I have looked into the code and familiarized myself a bit with it. I am interested in your thoughts of setting some kind of write context for each row, instead of going to a worksheet where they cumulate into a eventual memory consuming object representation. For example setting a write context would just be a class which places the row into the appropriate place, this may be pushing it through some IO or tacking it into an attached worksheet instance like it downs now. Before I dive into something like this, do you have any thoughts or quick reasons why this would not be possible?

 I know that Erik has some ideas of his own for cell data cacheing that he's been looking at for some time now, so he's probably the best person to talk to about this.

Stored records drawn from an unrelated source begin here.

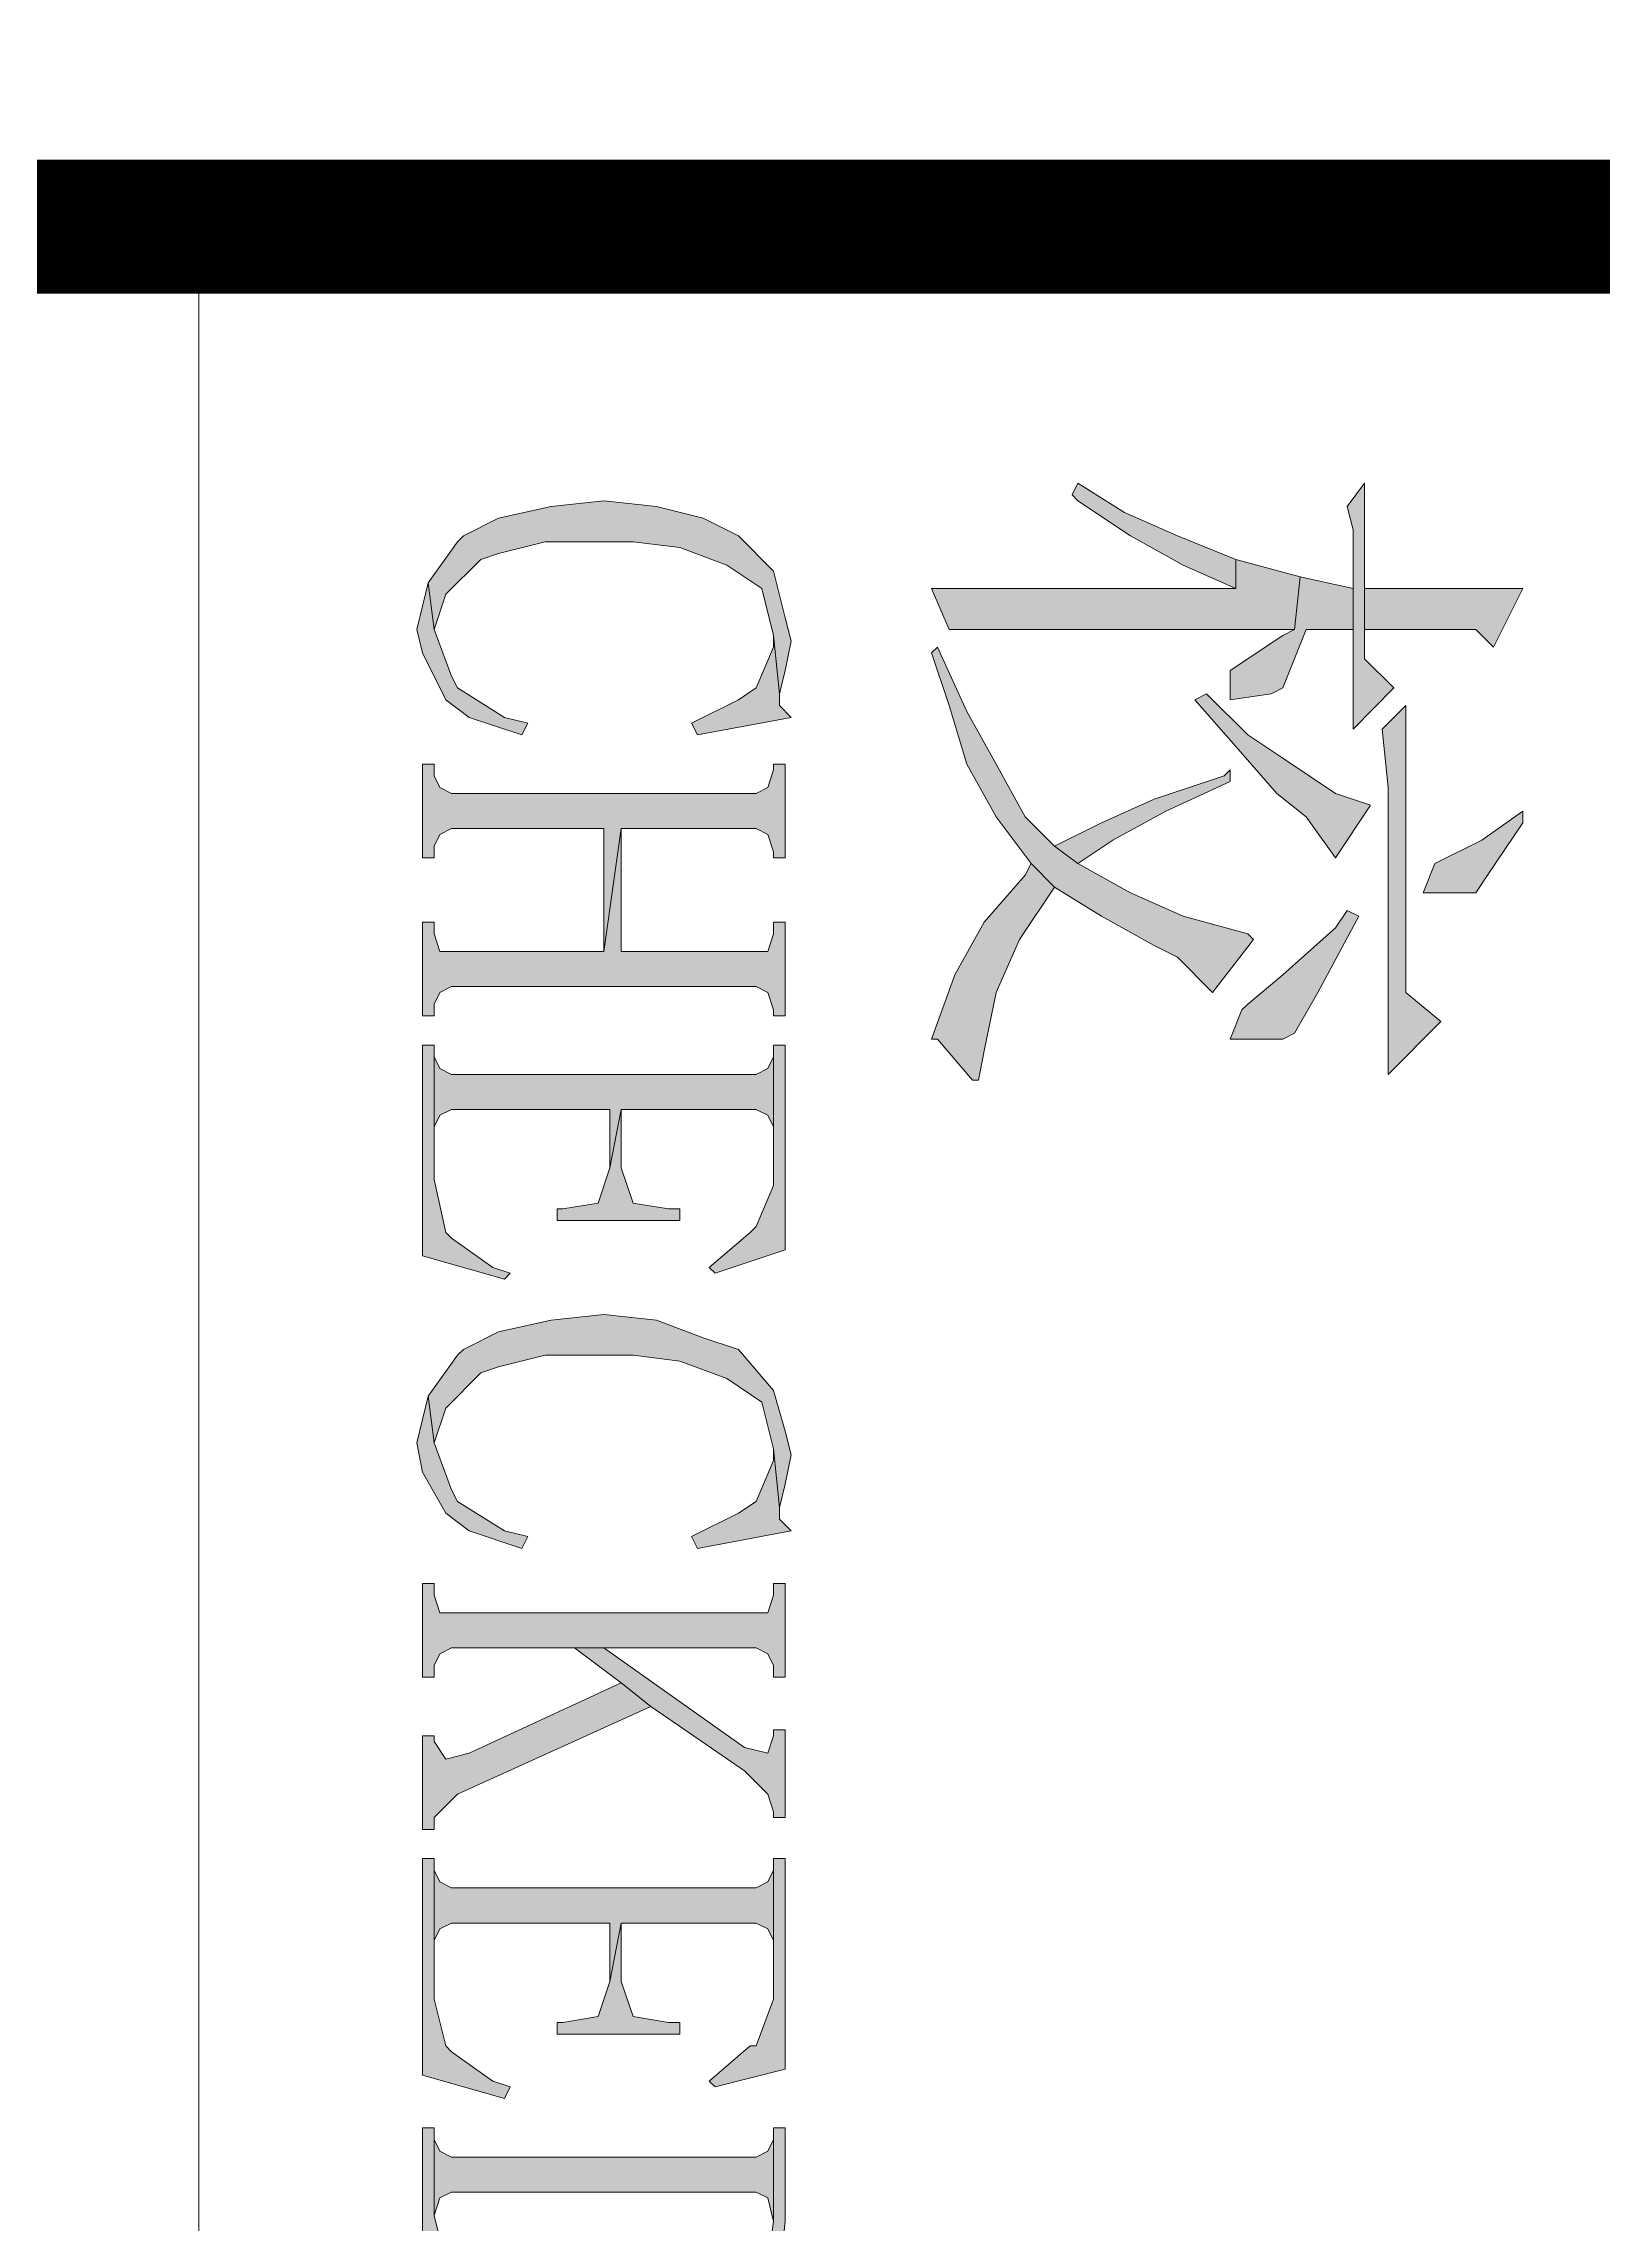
# Model space of a CAD drawing. Header units: millimetres. Extents: x -53295381 to 181933601, y -165 to 204541444.
# Drawn here: x 52121038 to 52125119, y 20978732 to 20984438 of the extents above; entities that cross this region are included whole.
import ezdxf

# ---------------------------------------------------------------- set-up
doc = ezdxf.new("R2010")
doc.units = ezdxf.units.MM
doc.header["$LTSCALE"] = 1000
doc.layers.add('PP-COM', color=7, linetype='Continuous')
doc.layers.add('标注', color=3, linetype='Continuous')
doc.layers.add('PUB_TITLE', color=7, linetype='Continuous', lineweight=20)
doc.styles.add('C', font='c.shx', dxfattribs={"width": 0.75, "height": 3, "bigfont": 'hzk.shx'})
doc.styles.add('HZ', font='rs.shx', dxfattribs={"width": 0.8, "bigfont": 'hztxt.shx'})
doc.styles.add('宋体', font='')
doc.styles.get('宋体').set_extended_font_data('宋体')
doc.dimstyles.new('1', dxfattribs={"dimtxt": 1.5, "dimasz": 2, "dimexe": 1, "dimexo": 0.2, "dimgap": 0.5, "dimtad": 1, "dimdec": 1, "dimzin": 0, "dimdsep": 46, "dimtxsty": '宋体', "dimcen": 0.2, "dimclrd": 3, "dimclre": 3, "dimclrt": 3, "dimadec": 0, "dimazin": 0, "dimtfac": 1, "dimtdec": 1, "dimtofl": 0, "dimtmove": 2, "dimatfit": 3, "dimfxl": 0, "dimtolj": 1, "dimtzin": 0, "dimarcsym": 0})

Independently, I've been looking at spl (and cursing the lack of documentation about it in the PHP manual), specifically the cachingIterator used for either splObjectStorage or splDoublyLinkedList. This could not only allow cell data to be "memory resident" only when it was actually being referenced within the code, but also allow me to implement splObservers to handle automated recalculation of affected formulae when a cell value was changed. However, I haven't been able to identify how spl cacheing actually caches the data, whether it uses /tmp filespace, or if it can be configured to use APC memory, memcache, indexed database tables, or other storage. I'll probably end up pulling the source to work it out.

However we end up implementing it though, we don't want to make memory savings at a massive cost in performance.